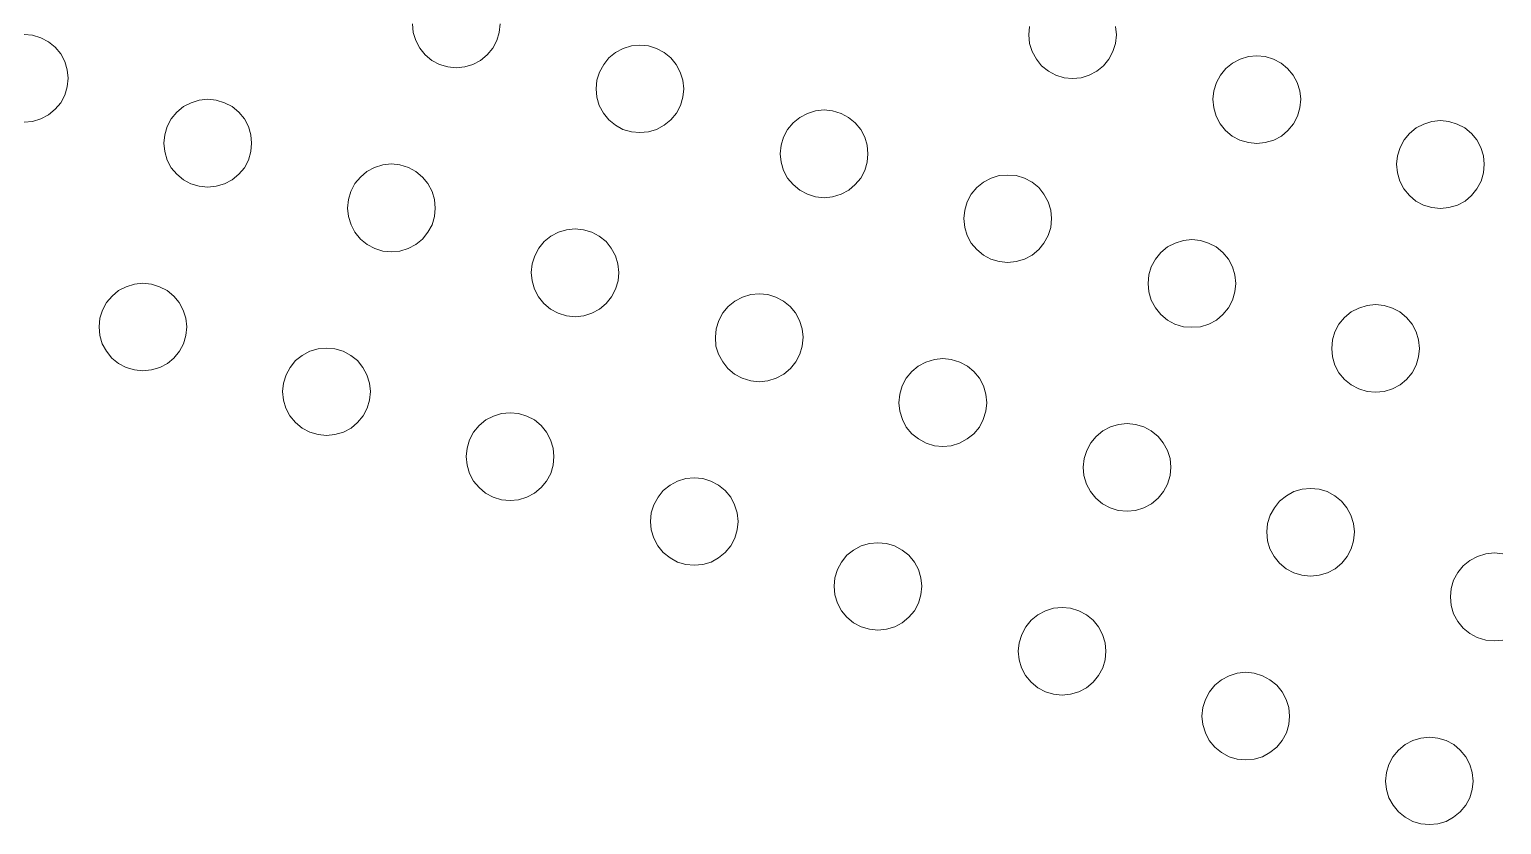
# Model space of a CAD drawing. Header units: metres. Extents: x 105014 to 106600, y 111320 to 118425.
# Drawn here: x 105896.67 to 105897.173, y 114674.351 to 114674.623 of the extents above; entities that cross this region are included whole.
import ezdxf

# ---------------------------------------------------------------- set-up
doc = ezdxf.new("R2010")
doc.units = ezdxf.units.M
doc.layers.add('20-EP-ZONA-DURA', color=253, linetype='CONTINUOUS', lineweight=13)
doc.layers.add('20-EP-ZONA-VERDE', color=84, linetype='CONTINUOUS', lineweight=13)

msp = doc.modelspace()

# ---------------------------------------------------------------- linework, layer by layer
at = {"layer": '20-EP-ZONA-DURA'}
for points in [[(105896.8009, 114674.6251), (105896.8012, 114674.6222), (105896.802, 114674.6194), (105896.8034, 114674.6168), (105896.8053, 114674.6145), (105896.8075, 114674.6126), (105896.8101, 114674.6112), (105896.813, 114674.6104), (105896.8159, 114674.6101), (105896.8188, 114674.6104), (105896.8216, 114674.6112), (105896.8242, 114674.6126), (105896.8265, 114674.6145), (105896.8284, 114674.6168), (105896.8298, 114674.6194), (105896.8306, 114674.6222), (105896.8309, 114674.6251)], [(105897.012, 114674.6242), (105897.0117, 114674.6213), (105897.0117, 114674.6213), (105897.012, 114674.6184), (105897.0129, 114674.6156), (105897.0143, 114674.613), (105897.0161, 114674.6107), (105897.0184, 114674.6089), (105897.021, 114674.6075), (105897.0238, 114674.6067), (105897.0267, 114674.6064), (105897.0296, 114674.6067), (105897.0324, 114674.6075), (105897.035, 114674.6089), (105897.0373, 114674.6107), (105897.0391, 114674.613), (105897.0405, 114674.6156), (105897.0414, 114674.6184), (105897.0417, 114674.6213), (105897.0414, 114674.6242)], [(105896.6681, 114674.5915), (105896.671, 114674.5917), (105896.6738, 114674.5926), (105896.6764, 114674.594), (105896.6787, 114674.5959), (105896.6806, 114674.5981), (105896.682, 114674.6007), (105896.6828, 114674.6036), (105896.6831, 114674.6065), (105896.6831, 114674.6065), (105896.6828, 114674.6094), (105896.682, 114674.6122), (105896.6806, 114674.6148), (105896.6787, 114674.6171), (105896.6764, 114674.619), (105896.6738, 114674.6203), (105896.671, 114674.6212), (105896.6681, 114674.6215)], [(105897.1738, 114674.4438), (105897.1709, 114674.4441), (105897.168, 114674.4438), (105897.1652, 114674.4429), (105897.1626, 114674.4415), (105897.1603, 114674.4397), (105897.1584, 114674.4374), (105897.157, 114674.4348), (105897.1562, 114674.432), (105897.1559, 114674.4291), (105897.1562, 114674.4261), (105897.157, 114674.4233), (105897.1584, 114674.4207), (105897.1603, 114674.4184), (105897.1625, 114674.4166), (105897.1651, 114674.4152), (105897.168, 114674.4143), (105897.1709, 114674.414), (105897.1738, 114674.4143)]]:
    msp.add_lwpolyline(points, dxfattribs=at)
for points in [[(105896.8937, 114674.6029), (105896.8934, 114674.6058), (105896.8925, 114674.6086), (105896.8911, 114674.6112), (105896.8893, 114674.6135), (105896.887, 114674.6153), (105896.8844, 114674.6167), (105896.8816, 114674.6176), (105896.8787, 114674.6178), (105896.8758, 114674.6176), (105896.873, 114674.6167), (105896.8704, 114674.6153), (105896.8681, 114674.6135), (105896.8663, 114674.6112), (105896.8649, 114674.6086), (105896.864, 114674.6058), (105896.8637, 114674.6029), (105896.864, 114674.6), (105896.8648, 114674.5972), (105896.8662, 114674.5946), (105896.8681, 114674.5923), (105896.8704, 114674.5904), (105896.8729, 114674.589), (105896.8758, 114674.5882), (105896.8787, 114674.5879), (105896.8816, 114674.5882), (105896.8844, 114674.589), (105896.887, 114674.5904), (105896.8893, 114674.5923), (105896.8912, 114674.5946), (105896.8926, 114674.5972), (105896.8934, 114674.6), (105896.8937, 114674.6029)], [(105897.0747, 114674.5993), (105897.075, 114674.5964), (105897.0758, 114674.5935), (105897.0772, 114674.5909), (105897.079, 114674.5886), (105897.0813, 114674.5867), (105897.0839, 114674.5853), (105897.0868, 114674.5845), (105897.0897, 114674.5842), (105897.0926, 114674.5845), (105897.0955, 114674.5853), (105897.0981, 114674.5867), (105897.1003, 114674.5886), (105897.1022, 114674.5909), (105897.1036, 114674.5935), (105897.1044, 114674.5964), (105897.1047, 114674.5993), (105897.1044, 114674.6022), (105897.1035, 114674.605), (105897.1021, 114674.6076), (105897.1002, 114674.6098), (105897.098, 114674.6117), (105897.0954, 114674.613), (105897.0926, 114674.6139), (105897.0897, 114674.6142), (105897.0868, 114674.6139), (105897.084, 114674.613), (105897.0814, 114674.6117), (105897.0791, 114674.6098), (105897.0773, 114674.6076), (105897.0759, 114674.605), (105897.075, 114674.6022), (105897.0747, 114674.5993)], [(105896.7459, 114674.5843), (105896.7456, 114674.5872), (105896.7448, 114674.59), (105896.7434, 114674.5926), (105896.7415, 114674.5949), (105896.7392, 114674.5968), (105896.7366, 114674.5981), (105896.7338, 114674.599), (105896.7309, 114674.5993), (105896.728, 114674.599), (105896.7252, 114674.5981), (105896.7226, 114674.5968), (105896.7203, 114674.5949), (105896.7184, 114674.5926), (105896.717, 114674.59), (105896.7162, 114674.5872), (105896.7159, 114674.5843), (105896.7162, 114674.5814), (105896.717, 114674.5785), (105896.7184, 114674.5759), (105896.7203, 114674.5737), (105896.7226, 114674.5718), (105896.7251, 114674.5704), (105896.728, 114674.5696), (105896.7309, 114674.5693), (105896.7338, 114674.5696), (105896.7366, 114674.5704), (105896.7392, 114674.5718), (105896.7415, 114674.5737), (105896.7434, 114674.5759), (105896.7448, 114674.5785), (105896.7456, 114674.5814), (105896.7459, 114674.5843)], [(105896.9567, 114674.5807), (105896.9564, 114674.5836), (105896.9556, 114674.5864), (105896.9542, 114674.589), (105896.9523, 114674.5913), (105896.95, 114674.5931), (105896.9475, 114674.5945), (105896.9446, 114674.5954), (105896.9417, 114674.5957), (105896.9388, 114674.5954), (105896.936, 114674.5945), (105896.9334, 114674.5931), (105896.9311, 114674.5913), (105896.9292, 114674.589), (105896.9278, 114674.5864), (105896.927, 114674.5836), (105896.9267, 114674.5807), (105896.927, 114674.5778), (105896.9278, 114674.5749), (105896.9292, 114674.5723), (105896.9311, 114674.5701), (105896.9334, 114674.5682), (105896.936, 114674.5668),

> Exercise: Show every line of the data in which the word "ezdxf" appears.

> Result of the exercise:
import ezdxf
doc = ezdxf.new("R2010")
doc.units = ezdxf.units.M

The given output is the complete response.